Data excerpts:
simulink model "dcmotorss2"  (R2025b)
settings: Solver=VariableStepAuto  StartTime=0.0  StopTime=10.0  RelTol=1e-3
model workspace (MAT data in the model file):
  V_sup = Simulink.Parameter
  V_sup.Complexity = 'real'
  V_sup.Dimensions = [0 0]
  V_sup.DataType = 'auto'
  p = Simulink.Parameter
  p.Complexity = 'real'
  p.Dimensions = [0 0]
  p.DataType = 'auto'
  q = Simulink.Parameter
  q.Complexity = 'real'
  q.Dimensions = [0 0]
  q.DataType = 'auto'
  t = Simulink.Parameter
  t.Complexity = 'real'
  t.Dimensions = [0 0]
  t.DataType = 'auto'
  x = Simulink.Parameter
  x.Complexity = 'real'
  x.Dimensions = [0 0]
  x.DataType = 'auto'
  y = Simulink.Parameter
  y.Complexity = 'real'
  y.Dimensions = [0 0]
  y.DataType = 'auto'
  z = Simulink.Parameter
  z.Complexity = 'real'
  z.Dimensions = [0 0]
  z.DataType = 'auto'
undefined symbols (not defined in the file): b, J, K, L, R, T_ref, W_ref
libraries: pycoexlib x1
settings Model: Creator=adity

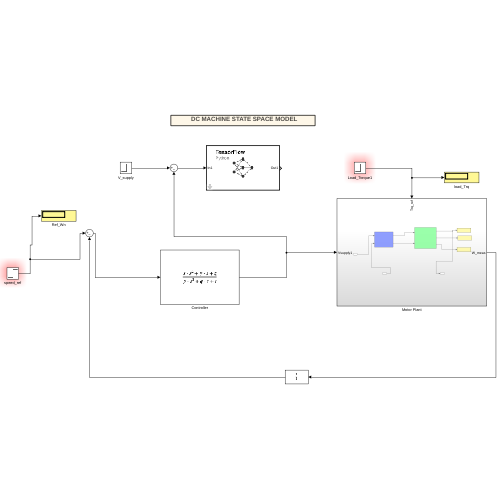
[thumbnail: Simulink's stored preview of the top-level diagram]
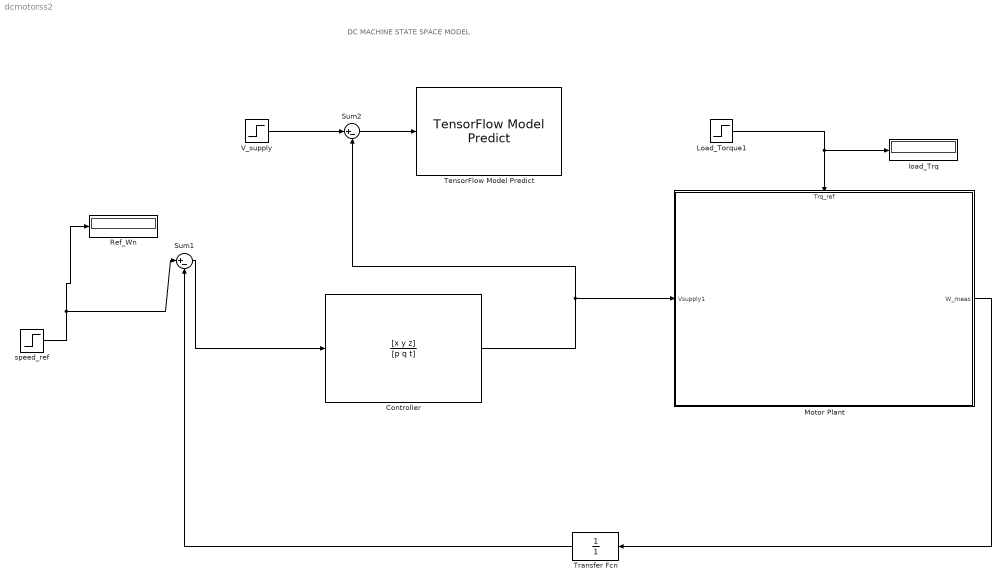
== system dcmotorss2 ==
  note: DC MACHINE STATE SPACE MODEL
  Controller : TransferFcn  Numerator=[x y z]  Denominator=[p q t]
  Load_Torque1 : Step  After=T_ref  SampleTime=0
  Motor Plant : Subsystem
      settings: PortSchema="{\"entries\":[{\"content\":{\"sides\":[{\"content\":{\"connectorIds\":[\"In1\"]},\"type\":\"ConnectorPlacement.EquallySpacedRectSide\",\"uuid\":\"e6cccd1e-7422-4dce-88f1-3af153357c6f\"},{\"content\":{\"connectorIds\":[\"Out1\"],\"side\":\"RIGHT\"},\"type\":\"ConnectorPlacement.EquallySpacedRectSide\",\"uuid\":\"0a9ab8b1-bfa0-4cb1-9483-d50c64dbd6ee\"},{\"content\":{\"connectorIds\":[\"In2\"],\"side\":\"TOP\"},\"type\":\"ConnectorPlacement.EquallySpacedRectSide\",\"uuid\":\"133b5cf7-1935-4674-a8a9-21a8bcdd933b\"}]},\"type\":\"ConnectorPlacement.EquallySpacedConnector\",\"uuid\":\"2e29a85c-43a3-45fc-a5d7-28468cf57ccf\"}],\"packageUris\":[\"http://schema.mathworks.com/mf0/Connector/R2020b\"],\"version\":\"1.0\"}"
  Ref_Wn : Display
  Sum1 : Sum  Inputs=|+-
  Sum2 : Sum  Inputs=|+-
  TensorFlow Model Predict : pycoexlib/TensorFlow Model Predict  ModelFile=untitled  InputTable={'In1','float32','',''}  OutputTable={'Out1','',''}  SampleTime=-1  InputDatatypes=float32  InputPermutations=[]  OutputPermutations=[]  PythonCoexecutionBlockType=TensorFlowModelBlock  VariableOutputMaxSizes=[]
  Transfer Fcn : TransferFcn  Denominator=[1]
  V_supply : Step  After=V_sup  SampleTime=0
  load_Trq : Display
  speed_ref : Step  After=W_ref  SampleTime=0
  wires:
  Load_Torque1/1 -> Motor Plant/2(Trq_ref), load_Trq/1
  speed_ref/1 -> Ref_Wn/1, Sum1/1
  Controller/1 -> Motor Plant/1(Vsupply1), Sum2/2
  Sum1/1 -> Controller/1
  Motor Plant/1(W_meas) -> Transfer Fcn/1
  Transfer Fcn/1 -> Sum1/2
  Sum2/1 -> TensorFlow Model Predict/1
  V_supply/1 -> Sum2/1

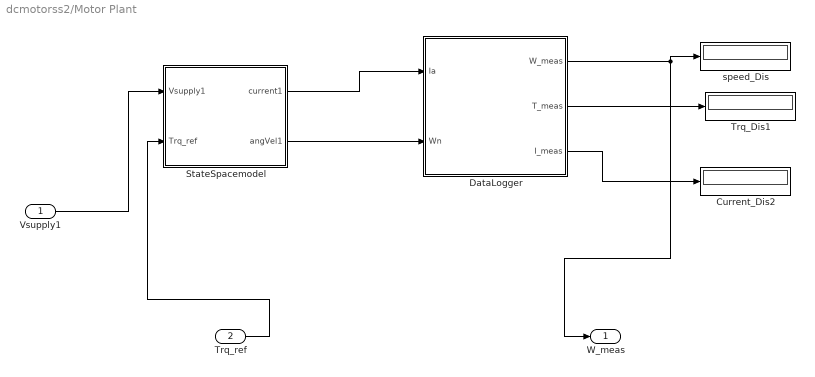
== system dcmotorss2/Motor Plant ==
  Vsupply1 : Inport
  Trq_ref : Inport  Port=2
  Current_Dis2 : Display
  DataLogger : Subsystem
  StateSpacemodel : Subsystem
  Trq_Dis1 : Display
  speed_Dis : Display
  W_meas : Outport
  wires:
  StateSpacemodel/1(current1) -> DataLogger/1(Ia)
  DataLogger/3(I_meas) -> Current_Dis2/1
  DataLogger/1(W_meas) -> W_meas/1, speed_Dis/1
  DataLogger/2(T_meas) -> Trq_Dis1/1
  StateSpacemodel/2(angVel1) -> DataLogger/2(Wn)
  Vsupply1/1 -> StateSpacemodel/1(Vsupply1)
  Trq_ref/1 -> StateSpacemodel/2(Trq_ref)

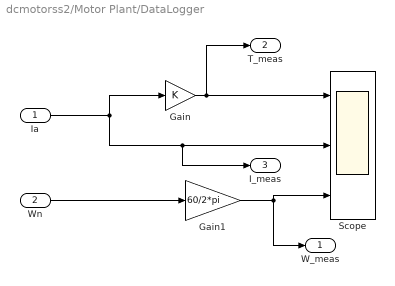
== system dcmotorss2/Motor Plant/DataLogger ==
  Ia : Inport
  Wn : Inport  Port=2
  Gain : Gain  Gain=K
  Gain1 : Gain  Gain=60/2*pi
  Scope : Scope  NumInputPorts=3
      settings: ActiveDisplayYMinimum=-1851.8596746326257  ActiveDisplayYMaximum=3301.7336749953711
  W_meas : Outport
  T_meas : Outport  Port=2
  I_meas : Outport  Port=3
  wires:
  Wn/1 -> Gain1/1
  Ia/1 -> Gain/1, I_meas/1, Scope/2
  Gain1/1 -> W_meas/1, Scope/3
  Gain/1 -> Scope/1, T_meas/1

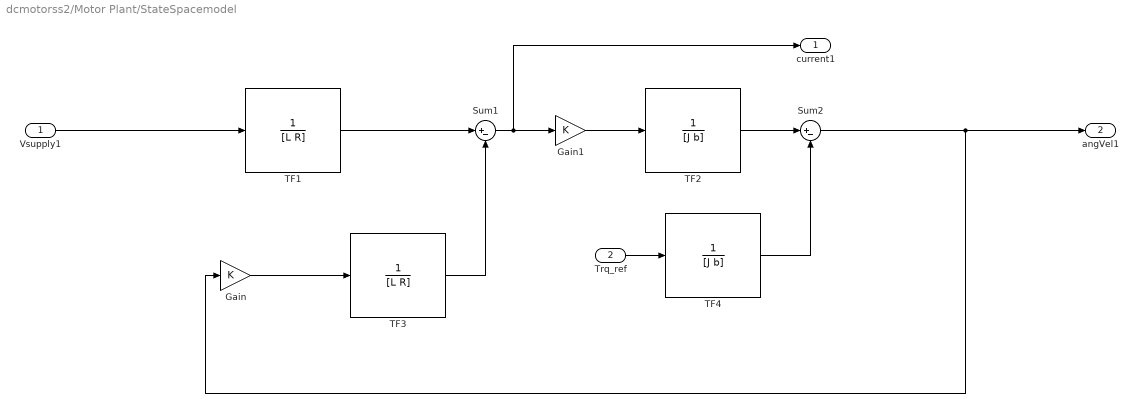
== system dcmotorss2/Motor Plant/StateSpacemodel ==
  Vsupply1 : Inport
  Trq_ref : Inport  Port=2
  Gain : Gain  Gain=K
  Gain1 : Gain  Gain=K
  Sum1 : Sum  Inputs=|+-
  Sum2 : Sum  Inputs=|+-
  TF1 : TransferFcn  Numerator=1  Denominator=[L R]
  TF2 : TransferFcn  Numerator=1  Denominator=[J b]
  TF3 : TransferFcn  Numerator=1  Denominator=[L R]
  TF4 : TransferFcn  Numerator=1  Denominator=[J b]
  current1 : Outport
  angVel1 : Outport  Port=2
  wires:
  Gain/1 -> TF3/1
  TF1/1 -> Sum1/1
  TF3/1 -> Sum1/2
  Sum1/1 -> Gain1/1, current1/1
  Gain1/1 -> TF2/1
  TF2/1 -> Sum2/1
  TF4/1 -> Sum2/2
  Sum2/1 -> angVel1/1, Gain/1
  Trq_ref/1 -> TF4/1
  Vsupply1/1 -> TF1/1

Task statement:
With the pictures omitted, print the lines above exactly, beginning at the line with "Gain1/1 -> W_meas/1, Scope/3" and going on through the line with "angVel1 : Outport".

Response for this exercise:
  Gain1/1 -> W_meas/1, Scope/3
  Gain/1 -> Scope/1, T_meas/1

== system dcmotorss2/Motor Plant/StateSpacemodel ==
  Vsupply1 : Inport
  Trq_ref : Inport  Port=2
  Gain : Gain  Gain=K
  Gain1 : Gain  Gain=K
  Sum1 : Sum  Inputs=|+-
  Sum2 : Sum  Inputs=|+-
  TF1 : TransferFcn  Numerator=1  Denominator=[L R]
  TF2 : TransferFcn  Numerator=1  Denominator=[J b]
  TF3 : TransferFcn  Numerator=1  Denominator=[L R]
  TF4 : TransferFcn  Numerator=1  Denominator=[J b]
  current1 : Outport
  angVel1 : Outport  Port=2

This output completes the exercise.